Since March, you have endured the suspension of visits, reduced phone call schedules due to physical distancing and cleaning requirements, schedule changes, housing changes, program suspensions and extremely limited movement. Some have been endorsed for other institutions or programs and have not been able to transfer. At institutions that experienced outbreaks, you’ve gone through even more. All this is coupled with the worry you have for your health and that of your peers and loved ones. California Department of Corrections and Rehabilitation (CDCR) has lost 32 people to this disease – I extend my sincerest condolences to their family, friends, co-workers, and communities.

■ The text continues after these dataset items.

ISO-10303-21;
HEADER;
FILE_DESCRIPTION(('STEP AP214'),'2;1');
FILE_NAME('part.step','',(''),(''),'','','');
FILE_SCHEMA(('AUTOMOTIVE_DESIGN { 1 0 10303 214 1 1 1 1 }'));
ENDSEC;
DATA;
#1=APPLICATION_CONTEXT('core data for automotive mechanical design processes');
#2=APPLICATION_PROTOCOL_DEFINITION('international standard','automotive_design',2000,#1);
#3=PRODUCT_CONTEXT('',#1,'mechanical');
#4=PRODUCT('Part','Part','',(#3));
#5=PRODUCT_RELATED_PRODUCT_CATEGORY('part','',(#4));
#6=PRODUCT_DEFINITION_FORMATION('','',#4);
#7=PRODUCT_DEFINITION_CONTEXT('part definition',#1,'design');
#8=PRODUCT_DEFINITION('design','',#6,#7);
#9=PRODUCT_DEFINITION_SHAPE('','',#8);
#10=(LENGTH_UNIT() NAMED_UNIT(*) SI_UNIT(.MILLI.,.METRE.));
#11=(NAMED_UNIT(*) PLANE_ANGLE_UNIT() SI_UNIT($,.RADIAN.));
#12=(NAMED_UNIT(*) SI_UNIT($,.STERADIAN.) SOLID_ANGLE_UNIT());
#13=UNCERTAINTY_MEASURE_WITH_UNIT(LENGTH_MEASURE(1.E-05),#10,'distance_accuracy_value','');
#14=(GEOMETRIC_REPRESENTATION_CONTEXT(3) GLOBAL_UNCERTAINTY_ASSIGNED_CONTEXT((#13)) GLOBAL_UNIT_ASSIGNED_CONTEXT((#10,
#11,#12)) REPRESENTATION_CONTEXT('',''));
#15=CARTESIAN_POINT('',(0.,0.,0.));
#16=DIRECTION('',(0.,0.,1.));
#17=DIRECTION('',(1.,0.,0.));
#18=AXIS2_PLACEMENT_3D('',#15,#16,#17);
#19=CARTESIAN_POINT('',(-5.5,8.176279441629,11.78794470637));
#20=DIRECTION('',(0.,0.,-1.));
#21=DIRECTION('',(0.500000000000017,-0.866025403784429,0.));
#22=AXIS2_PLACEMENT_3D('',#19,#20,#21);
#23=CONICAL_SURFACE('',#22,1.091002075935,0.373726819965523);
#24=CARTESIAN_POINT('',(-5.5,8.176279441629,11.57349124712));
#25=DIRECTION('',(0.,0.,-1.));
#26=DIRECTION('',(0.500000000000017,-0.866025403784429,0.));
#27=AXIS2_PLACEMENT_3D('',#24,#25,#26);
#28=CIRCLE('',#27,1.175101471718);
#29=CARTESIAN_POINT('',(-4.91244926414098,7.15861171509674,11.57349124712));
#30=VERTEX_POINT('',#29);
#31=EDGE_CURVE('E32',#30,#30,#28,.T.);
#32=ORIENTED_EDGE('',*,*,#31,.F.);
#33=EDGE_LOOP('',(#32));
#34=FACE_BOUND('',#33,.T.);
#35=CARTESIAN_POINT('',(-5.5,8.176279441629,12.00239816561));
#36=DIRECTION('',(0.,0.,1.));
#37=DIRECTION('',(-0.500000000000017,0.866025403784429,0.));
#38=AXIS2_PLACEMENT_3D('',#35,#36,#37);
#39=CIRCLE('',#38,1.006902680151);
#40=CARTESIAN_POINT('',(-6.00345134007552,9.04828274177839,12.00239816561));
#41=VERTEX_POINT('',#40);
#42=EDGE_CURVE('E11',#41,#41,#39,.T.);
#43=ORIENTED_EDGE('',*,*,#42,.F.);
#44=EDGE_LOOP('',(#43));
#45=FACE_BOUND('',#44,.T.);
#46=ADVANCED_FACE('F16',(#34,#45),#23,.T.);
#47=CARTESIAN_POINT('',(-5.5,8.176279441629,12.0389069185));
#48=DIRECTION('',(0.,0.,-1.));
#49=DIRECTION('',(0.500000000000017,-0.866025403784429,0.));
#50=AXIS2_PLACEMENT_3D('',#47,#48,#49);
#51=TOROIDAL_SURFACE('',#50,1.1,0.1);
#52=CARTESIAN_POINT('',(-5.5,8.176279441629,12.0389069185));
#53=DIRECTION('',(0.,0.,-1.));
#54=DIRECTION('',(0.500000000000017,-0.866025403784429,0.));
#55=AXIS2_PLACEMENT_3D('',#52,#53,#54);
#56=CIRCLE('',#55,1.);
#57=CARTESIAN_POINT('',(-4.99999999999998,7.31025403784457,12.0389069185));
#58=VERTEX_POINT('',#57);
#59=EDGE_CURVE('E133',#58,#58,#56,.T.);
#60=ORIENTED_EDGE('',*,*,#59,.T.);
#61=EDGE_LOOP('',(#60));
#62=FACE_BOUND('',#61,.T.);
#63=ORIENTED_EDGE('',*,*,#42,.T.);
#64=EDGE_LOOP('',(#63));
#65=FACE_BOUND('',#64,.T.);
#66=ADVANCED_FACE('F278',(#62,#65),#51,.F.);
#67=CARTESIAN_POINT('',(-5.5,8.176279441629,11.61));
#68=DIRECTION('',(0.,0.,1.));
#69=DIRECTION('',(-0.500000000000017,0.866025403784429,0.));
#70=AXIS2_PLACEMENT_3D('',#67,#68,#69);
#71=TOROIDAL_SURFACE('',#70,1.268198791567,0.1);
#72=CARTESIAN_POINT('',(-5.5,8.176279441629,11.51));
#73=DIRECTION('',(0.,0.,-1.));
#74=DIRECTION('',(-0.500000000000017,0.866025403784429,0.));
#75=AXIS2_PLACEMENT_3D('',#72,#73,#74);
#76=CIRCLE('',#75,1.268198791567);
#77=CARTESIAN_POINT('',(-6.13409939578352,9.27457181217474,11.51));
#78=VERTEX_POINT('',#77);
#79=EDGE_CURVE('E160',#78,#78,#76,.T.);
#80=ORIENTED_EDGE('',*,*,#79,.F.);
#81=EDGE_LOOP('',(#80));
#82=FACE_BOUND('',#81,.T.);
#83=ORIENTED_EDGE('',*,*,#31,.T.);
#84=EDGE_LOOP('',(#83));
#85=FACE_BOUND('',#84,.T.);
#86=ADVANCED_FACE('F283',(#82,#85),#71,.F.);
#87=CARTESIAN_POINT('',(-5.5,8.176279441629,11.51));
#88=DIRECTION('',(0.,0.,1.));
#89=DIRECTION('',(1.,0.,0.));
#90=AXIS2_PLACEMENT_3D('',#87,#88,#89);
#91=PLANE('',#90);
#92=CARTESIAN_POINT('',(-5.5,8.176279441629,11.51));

To continue to effectively fight this virus, we must create more space in our prisons, both to expand physical distancing to slow COVID-19’s spread and to ease some of the immense challenges staff face every day. To do this, CDCR is expediting some releases and exploring other options. As part of those efforts, and to recognize the impact on programs and credit earnings during the COVID-19 pandemic, I announced today the CDCR will implement Positive Programming Credits (PPC).
This credit will provide 12 weeks of credit to everyone in CDCR custody, except those found guilty of a serious rules violation between March 1, 2020, and July 5, 2020. PPC will be awarded under the existing “Extraordinary Conduct Credits” in Title 15, which authorizes the Director of the Division of Adult Institutions to award credit to an incarcerated person who has “provided exceptional assistance in maintaining the safety and security of a prison.” As this authorization exists in state law and therefore does not require a regulation change, we must follow the exclusions outlined in the law, which means those serving life without the possibility of parole and people who are condemned are not eligible for credit-earning.
These credits are expected to be applied by August 1, 2020. For those whose Earliest Possible Release Date will be reached once the credit is applied, we expect releases to begin in August following normal processes outlined in Title 15.
While this will in no way make up for the multitude of changes and impacts to your lives this pandemic has necessitated, I hope it will play a part in recognizing your sacrifice and the role you continue to play in keeping the institutions safe and peaceful, which enables staff to focus on providing care to those who are ill. We cannot get through this without your understanding, patience, and support. Your efforts are appreciated.